* **What is required**: Using the word "linetype" as the filter, copy each matching line from the records.

┄┄┄┄┄┄┄┄┄┄

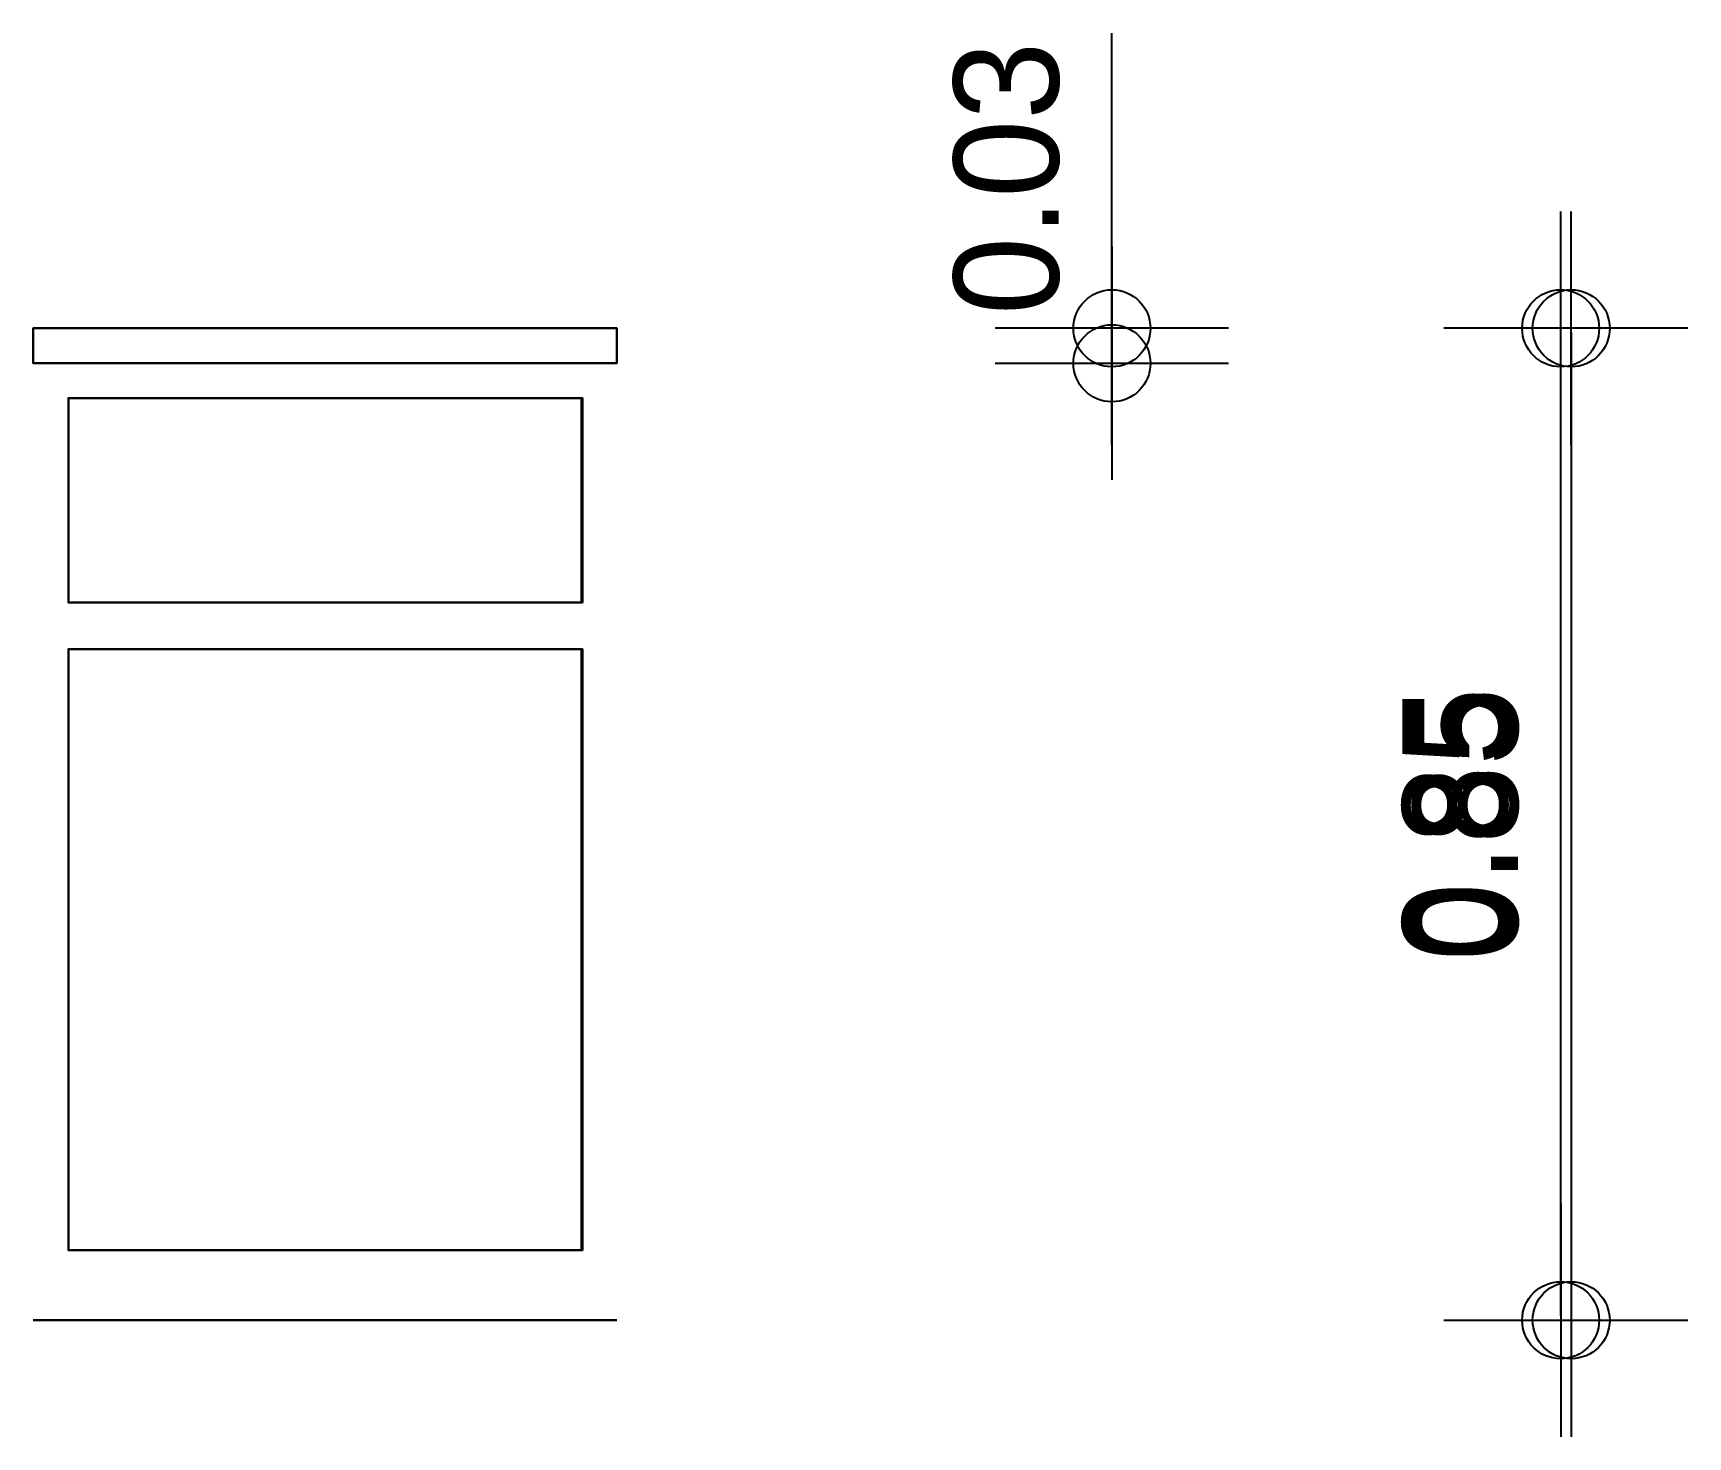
# Model space of a CAD drawing. Header units: metres. Extents: x -12 to 153, y -1 to 62.
# Drawn here: x -0.847 to 0.571, y 60.44 to 61.643 of the extents above; entities that cross this region are included whole.
import ezdxf

# ---------------------------------------------------------------- set-up
doc = ezdxf.new("R2010")
doc.units = ezdxf.units.M
doc.header["$LTSCALE"] = 0.018
for name, color, linetype in [('3DFLOOR', 3, 'Continuous'), ('DIMBLK', 3, 'Continuous'), ('FLOOR', 3, 'Continuous'), ('LAYER-ON', 4, 'Continuous')]:
    doc.layers.add(name, color=color, linetype=linetype)
doc.styles.get("Standard").update_dxf_attribs({"font": 'ugtxt.shx'})
doc.dimstyles.new('CADWDOT', dxfattribs={"dimscale": 0.05, "dimtxt": 1.8, "dimasz": 0.08, "dimexe": 2, "dimexo": 0, "dimgap": 0.09, "dimtad": 0, "dimrnd": 0.001, "dimzin": 0, "dimdsep": 46, "dimtxsty": 'Standard', "dimblk": 'ARTDIM', "dimblk1": 'ARTDIM', "dimblk2": 'ARTDIM', "dimsah": 1, "dimcen": 0.09, "dimdle": 0.05, "dimse1": 1, "dimse2": 1, "dimadec": 0, "dimazin": 0, "dimtfac": 1, "dimtdec": 4, "dimtmove": 0, "dimatfit": 3, "dimldrblk": 'ARTDIM', "dimfxl": 0, "dimtvp": 0.9999, "dimtolj": 1, "dimtzin": 0, "dimarcsym": 0})

# ---------------------------------------------------------------- blocks, each defined once
blk = doc.blocks.new('*U108', base_point=(-3.9402, 57.8957))
at = {"layer": '3DFLOOR', "color": 239}
for p, q in [((-3.9402, 57.8957), (-4.4402, 57.8957)), ((-4.4402, 57.8957), (-4.4402, 57.2957)), ((-3.9402, 57.3132), (-3.9402, 57.8957)), ((-4.4402, 57.2957), (-3.9402, 57.3132))]:
    blk.add_line(p, q, dxfattribs=at)
at = {"layer": 'FLOOR'}
for p, q in [((-3.9402, 57.8957), (-4.4402, 57.8957)), ((-4.4402, 57.8957), (-4.4402, 57.2957)), ((-3.9402, 57.3132), (-3.9402, 57.8957)), ((-4.4402, 57.2957), (-3.9402, 57.3132))]:
    blk.add_line(p, q, dxfattribs=at)
at = {"layer": '3DFLOOR', "color": 239}
mesh = blk.add_polyface(dxfattribs=at)
corners = [(-3.9402, 57.8957, 0.82), (-4.4402, 57.8957, 0.82), (-4.4402, 57.2657, 0.82), (-3.9402, 57.2832, 0.82), (-3.9402, 57.8957, 0.85), (-4.4402, 57.8957, 0.85), (-4.4402, 57.2657, 0.85), (-3.9402, 57.2832, 0.85)]
mesh.append_faces([[corners[k] for k in face] for face in [(0, 1, 2, 3), (0, 4, 5, 1), (1, 5, 6, 2), (2, 6, 7, 3), (3, 7, 4, 0), (4, 5, 6, 7)]], dxfattribs={"color": 225})
mesh = blk.add_polyface(dxfattribs=at)
corners = [(-3.9702, 57.3122, 0.06), (-4.4102, 57.2968, 0.06), (-4.4102, 57.2968, 0.575), (-3.9702, 57.3122, 0.575), (-3.9696, 57.2972, 0.06), (-4.4097, 57.2818, 0.06), (-4.4097, 57.2818, 0.575), (-3.9696, 57.2972, 0.575)]
mesh.append_faces([[corners[k] for k in face] for face in [(0, 1, 5, 4), (1, 5, 6, 2), (2, 6, 7, 3), (3, 7, 4, 0), (4, 5, 6, 7)]], dxfattribs={"color": 235})
mesh = blk.add_polyface(dxfattribs=at)
corners = [(-3.9702, 57.3122, 0.615), (-4.4102, 57.2968, 0.615), (-4.4102, 57.2968, 0.79), (-3.9702, 57.3122, 0.79), (-3.9696, 57.2972, 0.615), (-4.4097, 57.2818, 0.615), (-4.4097, 57.2818, 0.79), (-3.9696, 57.2972, 0.79)]
mesh.append_faces([[corners[k] for k in face] for face in [(0, 1, 5, 4), (1, 5, 6, 2), (2, 6, 7, 3), (3, 7, 4, 0), (4, 5, 6, 7)]], dxfattribs={"color": 235})
blk = doc.blocks.new('ARTDIM')
at = {"layer": 'DIMBLK'}
for p, q in [((0, -24.9975), (0, 24.9975)), ((-24.9975, 0), (24.9975, 0))]:
    blk.add_line(p, q, dxfattribs=at)
blk.add_circle((0, 0), 8.25, dxfattribs=at)
blk = doc.blocks.new('*D109')
at = {"color": 0, "lineweight": -2, "transparency": 16777216}
for p, q in [((0.0775, 61.3903), (0.0775, 61.6433)), ((0.0775, 61.3643), (0.0775, 61.3863))]:
    blk.add_line(p, q, dxfattribs=at)
at = {"layer": 'Defpoints', "color": 0, "transparency": 16777216}
for p in [(-0.3468, 61.3903, 0.8198), (0.0775, 61.3903), (-0.3468, 61.3603, 0.8198)]:
    blk.add_point(p, dxfattribs=at)
at = {"color": 0, "lineweight": -2, "transparency": 16777216, "xscale": 0.004, "yscale": 0.004, "zscale": 0.004}
for p, rotation in [((0.0775, 61.3903), 90), ((0.0775, 61.3603), 270)]:
    blk.add_blockref('ARTDIM', p, dxfattribs=dict(at, rotation=rotation))
at = {"color": 0, "transparency": 16777216, "insert": (-0.0125, 61.5188), "char_height": 0.09, "attachment_point": 5, "rotation": 90}
blk.add_mtext('\\A1;0.03', dxfattribs=at)
blk = doc.blocks.new('*D110')
at = {"color": 0, "lineweight": -2, "transparency": 16777216}
blk.add_line((0.462, 60.5443), (0.462, 61.3863), dxfattribs=at)
at = {"layer": 'Defpoints', "color": 0, "transparency": 16777216}
for p in [(-0.3468, 61.3903, 0.2073), (0.462, 61.3903), (-0.3468, 60.5403, 0.2073)]:
    blk.add_point(p, dxfattribs=at)
at = {"color": 0, "lineweight": -2, "transparency": 16777216, "xscale": 0.004, "yscale": 0.004, "zscale": 0.004}
for p, rotation in [((0.462, 61.3903), 90), ((0.462, 60.5403), 270)]:
    blk.add_blockref('ARTDIM', p, dxfattribs=dict(at, rotation=rotation))
at = {"color": 0, "transparency": 16777216, "insert": (0.372, 60.9653), "char_height": 0.09, "attachment_point": 5, "rotation": 90}
blk.add_mtext('\\A1;0.85', dxfattribs=at)
blk = doc.blocks.new('*D111')
at = {"color": 0, "lineweight": -2, "transparency": 16777216}
blk.add_line((0.471, 61.3863), (0.471, 60.5443), dxfattribs=at)
at = {"layer": 'Defpoints', "color": 0, "transparency": 16777216}
for p in [(-0.3468, 61.3903, 0.2073), (-0.3468, 60.5403, 0.2073), (0.471, 60.5403)]:
    blk.add_point(p, dxfattribs=at)
at = {"color": 0, "lineweight": -2, "transparency": 16777216, "xscale": 0.004, "yscale": 0.004, "zscale": 0.004}
for p, rotation in [((0.471, 61.3903), 90), ((0.471, 60.5403), 270)]:
    blk.add_blockref('ARTDIM', p, dxfattribs=dict(at, rotation=rotation))
at = {"color": 0, "transparency": 16777216, "insert": (0.381, 60.9653), "char_height": 0.09, "attachment_point": 5, "rotation": 90}
blk.add_mtext('\\A1;0.85', dxfattribs=at)

msp = doc.modelspace()

# ---------------------------------------------------------------- block references
at = {"layer": 'LAYER-ON', "extrusion": (0, 1, -2.22045e-16), "rotation": 180}
msp.add_blockref('*U108', (0.3468, 0.2073, 60.5403), dxfattribs=at)

# ---------------------------------------------------------------- dimensions: what is measured, and where the dimension line sits
for base, p1, p2, picture, middle in [((0.0775, 61.3903), (-0.3468, 61.3603, 0.8198), (-0.3468, 61.3903, 0.8198), '*D109', (-0.0125, 61.5188)), ((0.462, 61.3903), (-0.3468, 60.5403, 0.2073), (-0.3468, 61.3903, 0.2073), '*D110', (0.372, 60.9653)), ((0.471, 60.5403), (-0.3468, 61.3903, 0.2073), (-0.3468, 60.5403, 0.2073), '*D111', (0.381, 60.9653))]:
    dim = msp.add_linear_dim(base=base, p1=p1, p2=p2, angle=90, dimstyle='CADWDOT')
    dim.commit()
    dim.dimension.update_dxf_attribs({"geometry": picture, "text_midpoint": middle})

doc.saveas('drawing.dxf')

┄┄┄┄┄┄┄┄┄┄

* **Solution to this task**:
for name, color, linetype in [('3DFLOOR', 3, 'Continuous'), ('DIMBLK', 3, 'Continuous'), ('FLOOR', 3, 'Continuous'), ('LAYER-ON', 4, 'Continuous')]:
    doc.layers.add(name, color=color, linetype=linetype)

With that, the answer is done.